*** SOURCE MATERIAL Section Begins ***
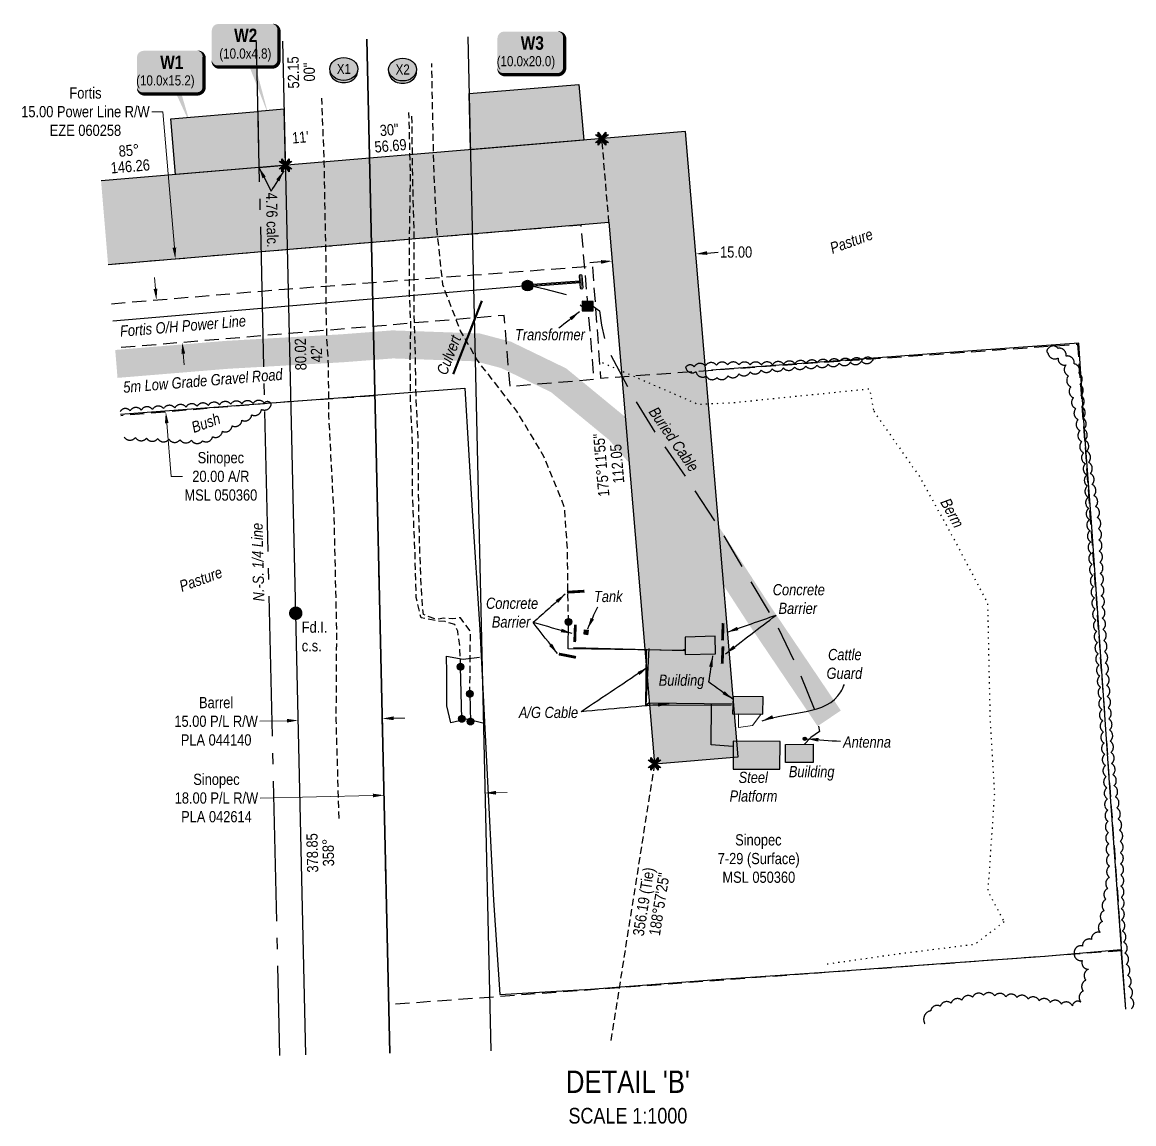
# Model space of a CAD drawing. Extents: x 613870 to 617840, y 5891672 to 5894562.
# Drawn here: x 616848 to 617840, y 5891762 to 5892745 of the extents above; entities that cross this region are included whole.
import ezdxf
from ezdxf.enums import TextEntityAlignment as Align

# ---------------------------------------------------------------- set-up
doc = ezdxf.new("R2010")
doc.units = 0
doc.header["$LTSCALE"] = 5
doc.header["$PDSIZE"] = 0.5
for name, pattern in [('0', [1, 1, 0]), ('DASHED2', [9.525, 6.35, -3.175]), ('foc-ACCESSROAD', [3.75, 2.5, -1.25]), ('foc-FLOWLINE', [3.75, 2.5, -1.25]), ('foc-QUARTERLINE', [33, 25, -3, 2, -3]), ('foc-TIELINE', [1.875, 1.25, -0.625]), ('foc-TOPO', [1, 0.2, -0.8]), ('foc-TRAV', [1.875, 1.25, -0.625]), ('POWERLINE5', [7.8, 2.4, -0.6, 0.6, -0.6, 0.6, -0.6, 2.4]), ('UG_PIPE', [1.875, 1.25, -0.625])]:
    doc.linetypes.add(name, pattern=pattern)
doc.layers.get('Defpoints').update_dxf_attribs({"color": 9})
for name, color, linetype in [('AS-CABLE', 224, 'foc-CABLE'), ('AS-FENCE', 48, 'foc-FENCE'), ('AS-PIPE-UG', 44, 'UG_PIPE'), ('AS-POWER', 104, 'foc-POWER'), ('AS-POWER-ATCO-BURIED', 72, 'DASHED2'), ('AS-POWER-EXISTING', 72, 'POWERLINE5'), ('AS-ROADS', 254, 'Continuous'), ('AS-SYMBOL', 7, 'Continuous'), ('DETAIL-T', 7, 'Continuous'), ('F-EZE', 190, 'foc-FLOWLINE'), ('F-RW', 190, 'Continuous'), ('F-WS', 190, 'foc-ACCESSROAD'), ('L-BD', 7, 'Continuous'), ('L-BD1', 253, 'Continuous'), ('L-MON', 1, 'Continuous'), ('L-MON-T', 1, 'Continuous'), ('L-QSEC', 8, 'foc-QUARTERLINE'), ('L-TIE', 7, 'foc-TIELINE'), ('P-CROSSINGS', 250, 'Continuous'), ('P-PROPOSED', 10, 'Continuous'), ('P-PROPOSED-H', 21, 'Continuous'), ('P-TEMP-BLOCKS', 250, 'Continuous'), ('P-TEMP-H', 41, 'Continuous'), ('P-TEMP_WORKSPACE', 46, 'Continuous'), ('P-TRAV', 4, 'foc-TRAV'), ('P-TXT', 4, 'Continuous'), ('T-BUSH', 110, '0'), ('T-BUSH-T', 110, 'Continuous'), ('T-LOW-AREA', 48, 'foc-TOPO')]:
    doc.layers.add(name, color=color, linetype=linetype)
for name, color, linetype, lineweight in [('AS-GENERAL', 48, 'Continuous', 18), ('F-AR-T', 190, 'Continuous', 9), ('F-EZE-T', 190, 'Continuous', 9), ('F-RW-T', 190, 'Continuous', 9), ('F-WS-T', 190, 'Continuous', 9), ('T-TEXT', 48, 'Continuous', 18)]:
    doc.layers.add(name, color=color, linetype=linetype, lineweight=lineweight)
for name, color, linetype, true_color in [('AS-PIPE-AG', 7, 'Continuous', 0x7d00fa), ('AS-STRUCTURE-H', 7, 'Continuous', 0xa8a8a8), ('AS-STRUCTURE-T', 7, 'Continuous', 0x454545)]:
    doc.layers.add(name, color=color, linetype=linetype, true_color=true_color)
doc.layers.add('AS-STRUCTURE', color=7, linetype='Continuous', lineweight=30, true_color=0x595959)
doc.styles.add('100L', font='ARIALN.TTF', dxfattribs={"height": 11})
doc.styles.add('80', font='ARIALN.TTF', dxfattribs={"height": 10})
doc.styles.add('80CG', font='ARIALN.TTF', dxfattribs={"height": 10})
doc.styles.add('80L', font='ARIALN.TTF', dxfattribs={"height": 10})
doc.styles.add('BOLD', font='ARIALNB.TTF')
doc.styles.add('Crossing', font='ARIALN.TTF', dxfattribs={"height": 10})
doc.styles.add('foc-LtypeFont', font='ARIALN.TTF', dxfattribs={"height": 7.35})
doc.linetypes.add('foc-CABLE', pattern='A,2,-1,["C",foc-LtypeFont,S=0.2,R=0,X=-0.625,Y=-0.75],-1.24,8', length=12.24)
doc.linetypes.add('foc-FENCE', pattern='A,10,-1,["X",foc-LtypeFont,S=0.2,R=0,X=-0.625,Y=-0.75],-1.24', length=12.24)
doc.linetypes.add('foc-POWER', pattern='A,6,-1,["P",foc-LtypeFont,S=0.2,R=0,X=-0.625,Y=-0.75],-1.24,4', length=12.24)
doc.dimstyles.new('Compass 5 000', dxfattribs={"dimscale": 5, "dimtxt": 9, "dimasz": 2, "dimexe": 0.2, "dimexo": 0.0625, "dimgap": 0.5, "dimtad": 0, "dimtih": 1, "dimtoh": 1, "dimzin": 0, "dimdsep": 46, "dimtxsty": '80CG', "dimcen": 0.1, "dimse1": 1, "dimse2": 1, "dimclrd": 256, "dimclrt": 256, "dimaunit": 1, "dimadec": 4, "dimazin": 0, "dimtfac": 0.06, "dimtofl": 0, "dimtmove": 0, "dimatfit": 1, "dimfxl": 0.2, "dimtolj": 1, "dimtzin": 0, "dimlwd": -1, "dimarcsym": 0})

# ---------------------------------------------------------------- blocks, each defined once
blk = doc.blocks.new('POWERPOLE')
h = blk.add_hatch(color=255)
edge = h.paths.add_edge_path()
edge.add_arc((0, 0), 0.96, 0, 360)
at = {"linetype": 'Continuous'}
for p, q in [((0.68, -0.68), (-0.68, 0.68)), ((-0.68, -0.68), (0.68, 0.68))]:
    blk.add_line(p, q, dxfattribs=at)
blk.add_circle((0, 0), 0.96, dxfattribs=at)
blk = doc.blocks.new('*U498')
h = blk.add_hatch(color=255)
h.dxf.hatch_style = 1
edge = h.paths.add_edge_path()
edge.add_arc((-9.57, -0.69), 0.2, 94.1124, 274.1124, ccw=False)
edge.add_line((-9.59, -0.49), (-0.21, 0.19))
edge.add_line((-0.21, 0.19), (-0.19, -0.21))
edge.add_line((-0.19, -0.21), (-9.56, -0.89))
h = blk.add_hatch(color=255)
h.dxf.hatch_style = 1
edge = h.paths.add_edge_path()
edge.add_arc((0.08, -1.1), 0.2, -175.8876, 4.1124, ccw=False)
edge.add_line((-0.12, -1.11), (-0.21, 0.19))
edge.add_line((-0.21, 0.19), (-0.28, 1.08))
edge.add_arc((-0.08, 1.1), 0.2, 4.1124, 184.1124, ccw=False)
edge.add_line((0.12, 1.11), (0.28, -1.08))
at = {"color": 255, "flags": 128}
blk.add_lwpolyline([(-9.56, -0.89, -1), (-9.59, -0.49), (-0.21, 0.19), (-0.19, -0.21)], format="xyb", close=True, dxfattribs=at)
at = {"color": 72, "const_width": 0.1, "flags": 128}
for points in [[(-9.57, -0.69), (0, 0)], [(0.08, -1.1), (-0.08, 1.1)]]:
    blk.add_lwpolyline(points, dxfattribs=at)
at = {"color": 255}
blk.add_lwpolyline([(0.28, -1.08, -1), (-0.12, -1.11), (-0.21, 0.19), (-0.28, 1.08, -1), (0.12, 1.11)], format="xyb", close=True, dxfattribs=at)
blk = doc.blocks.new('RISER')
h = blk.add_hatch(color=255)
h.dxf.hatch_style = 1
edge = h.paths.add_edge_path()
edge.add_arc((0, 0), 0.7, 0, 360)
blk.add_hatch(color=13).paths.add_polyline_path([(0.58, -0.15), (-0.58, -0.15, 0.774597)])
at = {"color": 13}
blk.add_line((-0.58, -0.15), (0.58, -0.15), dxfattribs=at)
blk.add_circle((0, 0), 0.6, dxfattribs=at)
blk = doc.blocks.new('fdia')
at = {"color": 255, "const_width": 1}
blk.add_lwpolyline([(-0.5, 0, 1), (0.5, 0, 1)], format="xyb", close=True, dxfattribs=at)
blk = doc.blocks.new('Fdiaa')
blk.add_blockref('fdia', (0, 0))
blk = doc.blocks.new('fdib')
at = {"color": 1, "const_width": 1.6}
blk.add_lwpolyline([(-0.4, 0, 1), (0.4, 0, 1)], format="xyb", close=True, dxfattribs=at)
at = {"color": 1}
blk.add_circle((0, 0), 0.8, dxfattribs=at)
blk = doc.blocks.new('Fdibb')
blk.add_blockref('fdib', (0, 0))
blk = doc.blocks.new('fdicc')
for name in ['Fdibb', 'Fdiaa']:
    blk.add_blockref(name, (0, 0))
blk = doc.blocks.new('FDI')
blk.add_blockref('fdicc', (0, 0))
blk = doc.blocks.new('TEMP')
h = blk.add_hatch(color=255)
h.dxf.hatch_style = 1
h.paths.add_polyline_path([(0, 0.25), (-0.67, 1.15), (-0.67, 0.67), (-1.15, 0.67), (-0.25, 0), (-1.15, -0.67), (-0.67, -0.67), (-0.67, -1.15), (0, -0.25), (0.67, -1.15), (0.67, -0.67), (1.15, -0.67), (0.25, 0), (1.15, 0.67), (0.67, 0.67), (0.67, 1.15)])
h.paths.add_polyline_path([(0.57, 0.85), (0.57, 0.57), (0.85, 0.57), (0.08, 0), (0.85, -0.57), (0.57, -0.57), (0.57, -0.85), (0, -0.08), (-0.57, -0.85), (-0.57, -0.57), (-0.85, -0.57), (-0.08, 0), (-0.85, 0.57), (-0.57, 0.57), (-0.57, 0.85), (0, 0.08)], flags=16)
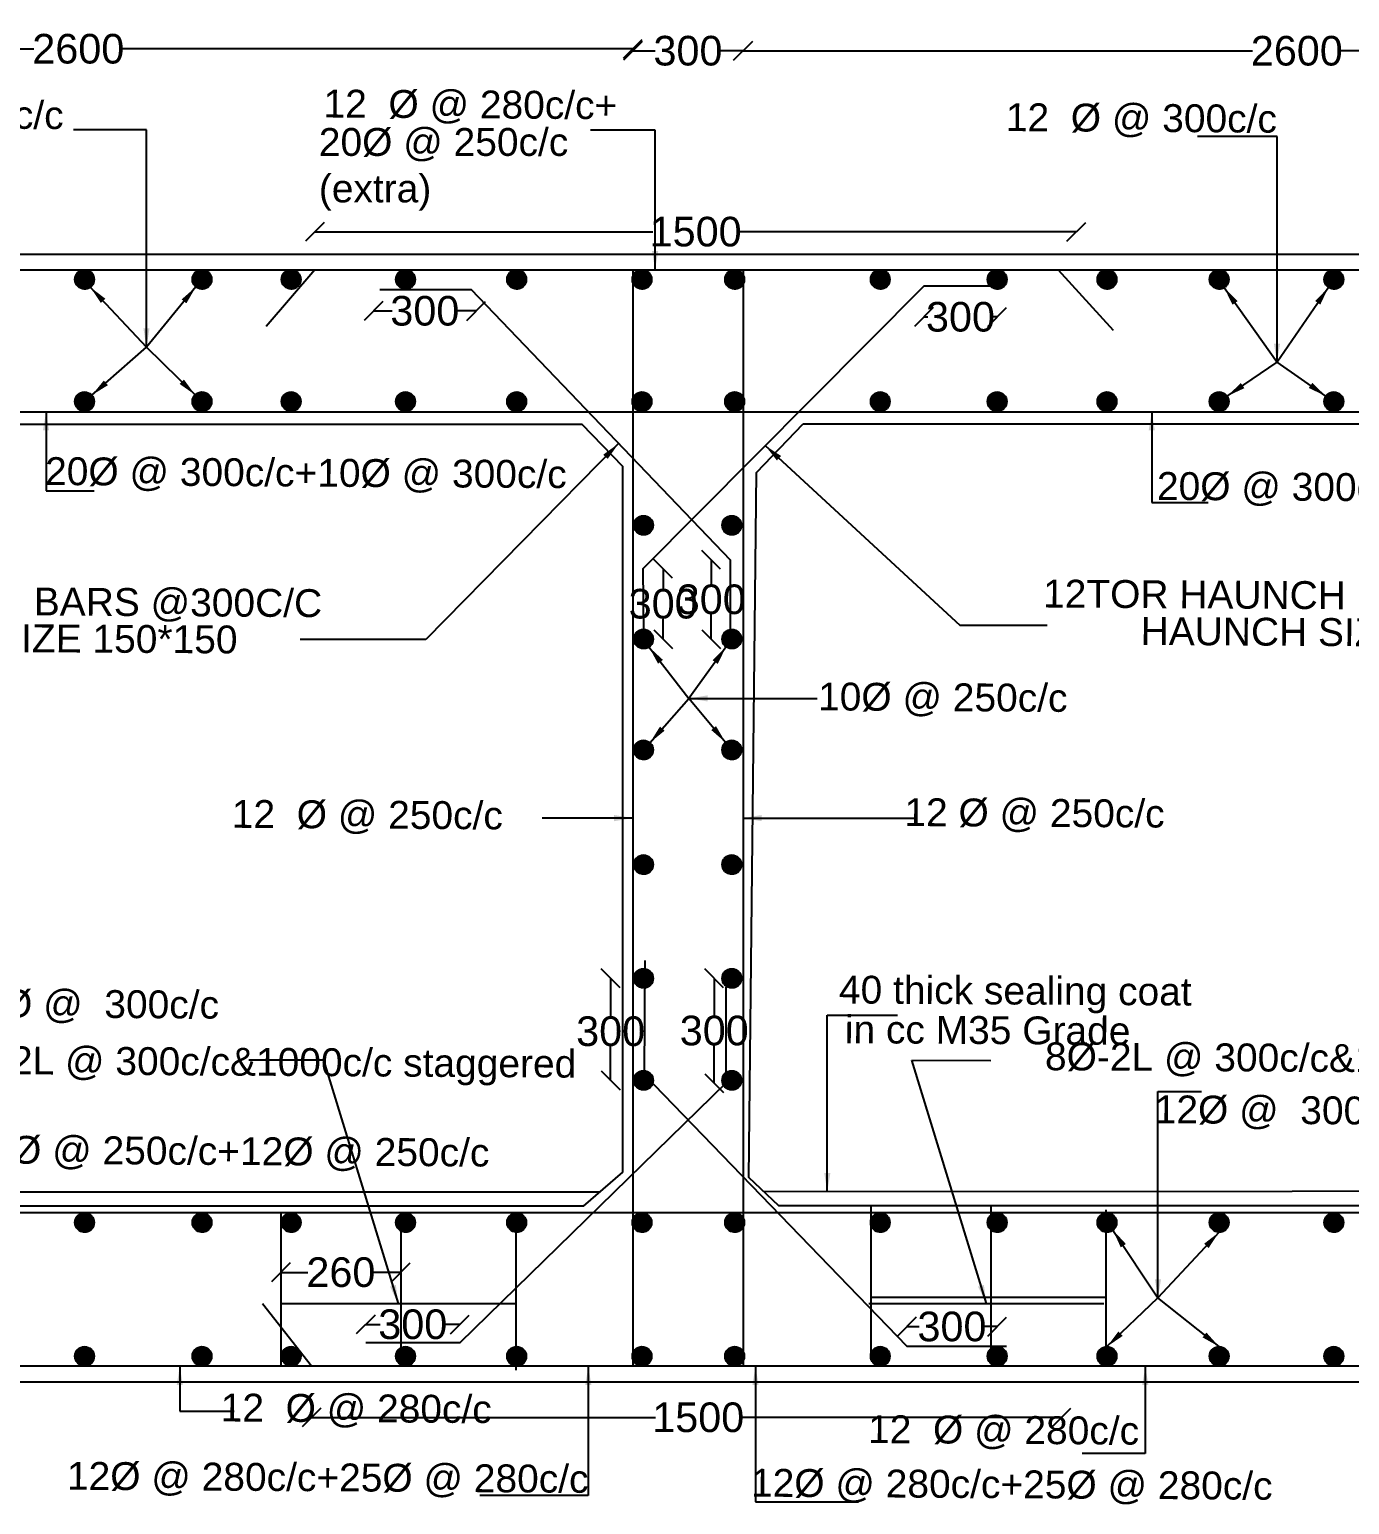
# Model space of a CAD drawing. Header units: millimetres. Extents: x 5124 to 6568637, y 2311 to 91879094.
# Drawn here: x 3765468 to 3772156, y 45938991 to 45946462 of the extents above; entities that cross this region are included whole.
import ezdxf

# ---------------------------------------------------------------- set-up
doc = ezdxf.new("R2010")
doc.units = ezdxf.units.MM
doc.header["$MEASUREMENT"] = 0
doc.layers.add('DIMENSION', color=7, linetype='Continuous')
doc.layers.add('DRAWING', color=7, linetype='Continuous')
doc.styles.get("Standard").update_dxf_attribs({"font": 'arial.ttf', "height": 150})
doc.dimstyles.get("Standard").update_dxf_attribs({"dimtxt": 200, "dimasz": 110, "dimexe": 0.18, "dimexo": 0.0625, "dimgap": 0.09, "dimtad": 0, "dimtih": 1, "dimtoh": 1, "dimdec": 0, "dimzin": 0, "dimdsep": 46, "dimtxsty": 'Standard', "dimblk": 'OBLIQUE', "dimcen": 0.09, "dimse1": 1, "dimse2": 1, "dimadec": 0, "dimazin": 0, "dimtfac": 1, "dimtdec": 0, "dimtofl": 0, "dimtmove": 0, "dimatfit": 3, "dimfxl": 1, "dimtolj": 1, "dimtzin": 0, "dimarcsym": 0})

# ---------------------------------------------------------------- blocks, each defined once
blk = doc.blocks.new('_Oblique')
at = {"color": 0, "linetype": 'ByBlock', "lineweight": -2}
blk.add_line((-0.5, -0.5), (0.5, 0.5), dxfattribs=at)
blk = doc.blocks.new('*D125')
at = {"layer": 'Defpoints', "color": 0}
for p in [(3768525.5, 45946363.2), (3762905.6, 45945244.2), (3768525.5, 45945244.2)]:
    blk.add_point(p, dxfattribs=at)
at = {"layer": 'DIMENSION', "color": 0, "lineweight": -2}
for p, q in [((3762905.6, 45946363.2), (3765490.5, 45946363.2)), ((3768525.5, 45946363.2), (3765940.7, 45946363.2))]:
    blk.add_line(p, q, dxfattribs=at)
at = {"layer": 'DIMENSION', "color": 0, "lineweight": -2, "xscale": 95, "yscale": 95, "zscale": 95, "rotation": 180}
blk.add_blockref('_Oblique', (3762905.6, 45946363.2), dxfattribs=at)
at = {"layer": 'DIMENSION', "color": 0, "lineweight": -2, "xscale": 95, "yscale": 95, "zscale": 95}
blk.add_blockref('_Oblique', (3768525.5, 45946363.2), dxfattribs=at)
at = {"layer": 'DIMENSION', "color": 0, "insert": (3765715.6, 45946363.2), "char_height": 150, "attachment_point": 5}
blk.add_mtext('\\A1;2600', dxfattribs=at)
blk = doc.blocks.new('*D126')
at = {"layer": 'Defpoints', "color": 0}
for p in [(3769083.5, 45946353.3), (3768525.5, 45945244.2), (3769083.5, 45945244.2)]:
    blk.add_point(p, dxfattribs=at)
at = {"layer": 'DIMENSION', "color": 0, "lineweight": -2}
for p, q in [((3768525.5, 45946353.3), (3768639, 45946353.3)), ((3769083.5, 45946353.3), (3768970, 45946353.3))]:
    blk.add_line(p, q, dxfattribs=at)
*** SOURCE MATERIAL Section Ends ***
*WORK REQUIRED:*
Among the entries above, which lines include "that"? List them all.

*SOLUTION TO THIS PROBLEM:*
# Drawn here: x 616848 to 617840, y 5891762 to 5892745 of the extents above; entities that cross this region are included whole.
# Drawn here: x 3765468 to 3772156, y 45938991 to 45946462 of the extents above; entities that cross this region are included whole.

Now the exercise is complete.